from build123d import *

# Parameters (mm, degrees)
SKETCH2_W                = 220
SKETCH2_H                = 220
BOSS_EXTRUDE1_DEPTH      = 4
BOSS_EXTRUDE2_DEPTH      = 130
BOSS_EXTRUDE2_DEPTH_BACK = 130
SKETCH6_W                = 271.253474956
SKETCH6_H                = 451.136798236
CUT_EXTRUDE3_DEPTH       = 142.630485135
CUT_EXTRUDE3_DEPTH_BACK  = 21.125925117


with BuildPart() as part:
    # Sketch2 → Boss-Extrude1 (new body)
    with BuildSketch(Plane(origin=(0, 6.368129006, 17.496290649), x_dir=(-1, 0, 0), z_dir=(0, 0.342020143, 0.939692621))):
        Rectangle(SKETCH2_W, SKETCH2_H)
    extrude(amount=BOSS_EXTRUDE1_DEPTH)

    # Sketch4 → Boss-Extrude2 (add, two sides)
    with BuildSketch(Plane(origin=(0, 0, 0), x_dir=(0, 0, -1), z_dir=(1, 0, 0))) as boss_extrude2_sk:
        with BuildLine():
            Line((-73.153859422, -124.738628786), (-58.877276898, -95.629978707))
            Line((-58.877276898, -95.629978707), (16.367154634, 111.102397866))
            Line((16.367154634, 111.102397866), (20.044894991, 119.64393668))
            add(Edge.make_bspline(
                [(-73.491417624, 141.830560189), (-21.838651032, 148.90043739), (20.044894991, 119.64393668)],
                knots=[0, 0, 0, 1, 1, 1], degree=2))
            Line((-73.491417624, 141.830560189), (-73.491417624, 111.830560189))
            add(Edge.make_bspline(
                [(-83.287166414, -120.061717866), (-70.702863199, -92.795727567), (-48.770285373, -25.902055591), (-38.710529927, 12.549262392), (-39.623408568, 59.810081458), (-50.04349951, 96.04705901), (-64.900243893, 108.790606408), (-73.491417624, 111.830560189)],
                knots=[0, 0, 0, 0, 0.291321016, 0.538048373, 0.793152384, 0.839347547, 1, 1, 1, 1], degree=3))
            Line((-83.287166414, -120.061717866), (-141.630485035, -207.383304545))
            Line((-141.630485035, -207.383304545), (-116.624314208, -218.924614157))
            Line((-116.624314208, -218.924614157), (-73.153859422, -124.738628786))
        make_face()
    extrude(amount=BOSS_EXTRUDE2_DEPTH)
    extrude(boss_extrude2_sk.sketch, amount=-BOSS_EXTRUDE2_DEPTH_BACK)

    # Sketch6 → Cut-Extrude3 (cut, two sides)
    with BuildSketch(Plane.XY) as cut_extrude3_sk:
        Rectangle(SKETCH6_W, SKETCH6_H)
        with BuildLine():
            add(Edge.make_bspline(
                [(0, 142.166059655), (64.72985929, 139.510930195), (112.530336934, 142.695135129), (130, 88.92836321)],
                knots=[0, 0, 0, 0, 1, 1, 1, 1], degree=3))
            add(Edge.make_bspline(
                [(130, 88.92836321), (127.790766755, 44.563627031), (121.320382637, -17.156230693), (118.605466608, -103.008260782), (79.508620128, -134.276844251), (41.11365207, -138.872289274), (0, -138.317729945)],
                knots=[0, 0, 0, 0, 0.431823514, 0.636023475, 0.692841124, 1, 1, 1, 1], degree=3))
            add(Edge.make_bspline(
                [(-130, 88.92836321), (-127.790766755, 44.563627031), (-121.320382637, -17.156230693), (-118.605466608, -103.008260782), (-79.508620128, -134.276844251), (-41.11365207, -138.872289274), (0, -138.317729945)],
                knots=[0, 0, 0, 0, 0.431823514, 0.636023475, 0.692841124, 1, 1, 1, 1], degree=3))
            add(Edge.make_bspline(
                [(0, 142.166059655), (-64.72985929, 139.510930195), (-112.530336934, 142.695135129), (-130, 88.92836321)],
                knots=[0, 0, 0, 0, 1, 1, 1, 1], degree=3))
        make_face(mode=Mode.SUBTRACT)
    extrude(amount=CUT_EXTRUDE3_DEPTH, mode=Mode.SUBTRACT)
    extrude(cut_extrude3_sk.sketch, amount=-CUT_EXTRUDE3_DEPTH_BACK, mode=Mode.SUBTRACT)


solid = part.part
########################################
# Problem requirements
Output the entire listing precisely as it stands.

# Task result
from build123d import *

# Parameters (mm, degrees)
SKETCH2_W                = 220
SKETCH2_H                = 220
BOSS_EXTRUDE1_DEPTH      = 4
BOSS_EXTRUDE2_DEPTH      = 130
BOSS_EXTRUDE2_DEPTH_BACK = 130
SKETCH6_W                = 271.253474956
SKETCH6_H                = 451.136798236
CUT_EXTRUDE3_DEPTH       = 142.630485135
CUT_EXTRUDE3_DEPTH_BACK  = 21.125925117


with BuildPart() as part:
    # Sketch2 → Boss-Extrude1 (new body)
    with BuildSketch(Plane(origin=(0, 6.368129006, 17.496290649), x_dir=(-1, 0, 0), z_dir=(0, 0.342020143, 0.939692621))):
        Rectangle(SKETCH2_W, SKETCH2_H)
    extrude(amount=BOSS_EXTRUDE1_DEPTH)

    # Sketch4 → Boss-Extrude2 (add, two sides)
    with BuildSketch(Plane(origin=(0, 0, 0), x_dir=(0, 0, -1), z_dir=(1, 0, 0))) as boss_extrude2_sk:
        with BuildLine():
            Line((-73.153859422, -124.738628786), (-58.877276898, -95.629978707))
            Line((-58.877276898, -95.629978707), (16.367154634, 111.102397866))
            Line((16.367154634, 111.102397866), (20.044894991, 119.64393668))
            add(Edge.make_bspline(
                [(-73.491417624, 141.830560189), (-21.838651032, 148.90043739), (20.044894991, 119.64393668)],
                knots=[0, 0, 0, 1, 1, 1], degree=2))
            Line((-73.491417624, 141.830560189), (-73.491417624, 111.830560189))
            add(Edge.make_bspline(
                [(-83.287166414, -120.061717866), (-70.702863199, -92.795727567), (-48.770285373, -25.902055591), (-38.710529927, 12.549262392), (-39.623408568, 59.810081458), (-50.04349951, 96.04705901), (-64.900243893, 108.790606408), (-73.491417624, 111.830560189)],
                knots=[0, 0, 0, 0, 0.291321016, 0.538048373, 0.793152384, 0.839347547, 1, 1, 1, 1], degree=3))
            Line((-83.287166414, -120.061717866), (-141.630485035, -207.383304545))
            Line((-141.630485035, -207.383304545), (-116.624314208, -218.924614157))
            Line((-116.624314208, -218.924614157), (-73.153859422, -124.738628786))
        make_face()
    extrude(amount=BOSS_EXTRUDE2_DEPTH)
    extrude(boss_extrude2_sk.sketch, amount=-BOSS_EXTRUDE2_DEPTH_BACK)

    # Sketch6 → Cut-Extrude3 (cut, two sides)
    with BuildSketch(Plane.XY) as cut_extrude3_sk:
        Rectangle(SKETCH6_W, SKETCH6_H)
        with BuildLine():
            add(Edge.make_bspline(
                [(0, 142.166059655), (64.72985929, 139.510930195), (112.530336934, 142.695135129), (130, 88.92836321)],
                knots=[0, 0, 0, 0, 1, 1, 1, 1], degree=3))
            add(Edge.make_bspline(
                [(130, 88.92836321), (127.790766755, 44.563627031), (121.320382637, -17.156230693), (118.605466608, -103.008260782), (79.508620128, -134.276844251), (41.11365207, -138.872289274), (0, -138.317729945)],
                knots=[0, 0, 0, 0, 0.431823514, 0.636023475, 0.692841124, 1, 1, 1, 1], degree=3))
            add(Edge.make_bspline(
                [(-130, 88.92836321), (-127.790766755, 44.563627031), (-121.320382637, -17.156230693), (-118.605466608, -103.008260782), (-79.508620128, -134.276844251), (-41.11365207, -138.872289274), (0, -138.317729945)],
                knots=[0, 0, 0, 0, 0.431823514, 0.636023475, 0.692841124, 1, 1, 1, 1], degree=3))
            add(Edge.make_bspline(
                [(0, 142.166059655), (-64.72985929, 139.510930195), (-112.530336934, 142.695135129), (-130, 88.92836321)],
                knots=[0, 0, 0, 0, 1, 1, 1, 1], degree=3))
        make_face(mode=Mode.SUBTRACT)
    extrude(amount=CUT_EXTRUDE3_DEPTH, mode=Mode.SUBTRACT)
    extrude(cut_extrude3_sk.sketch, amount=-CUT_EXTRUDE3_DEPTH_BACK, mode=Mode.SUBTRACT)


solid = part.part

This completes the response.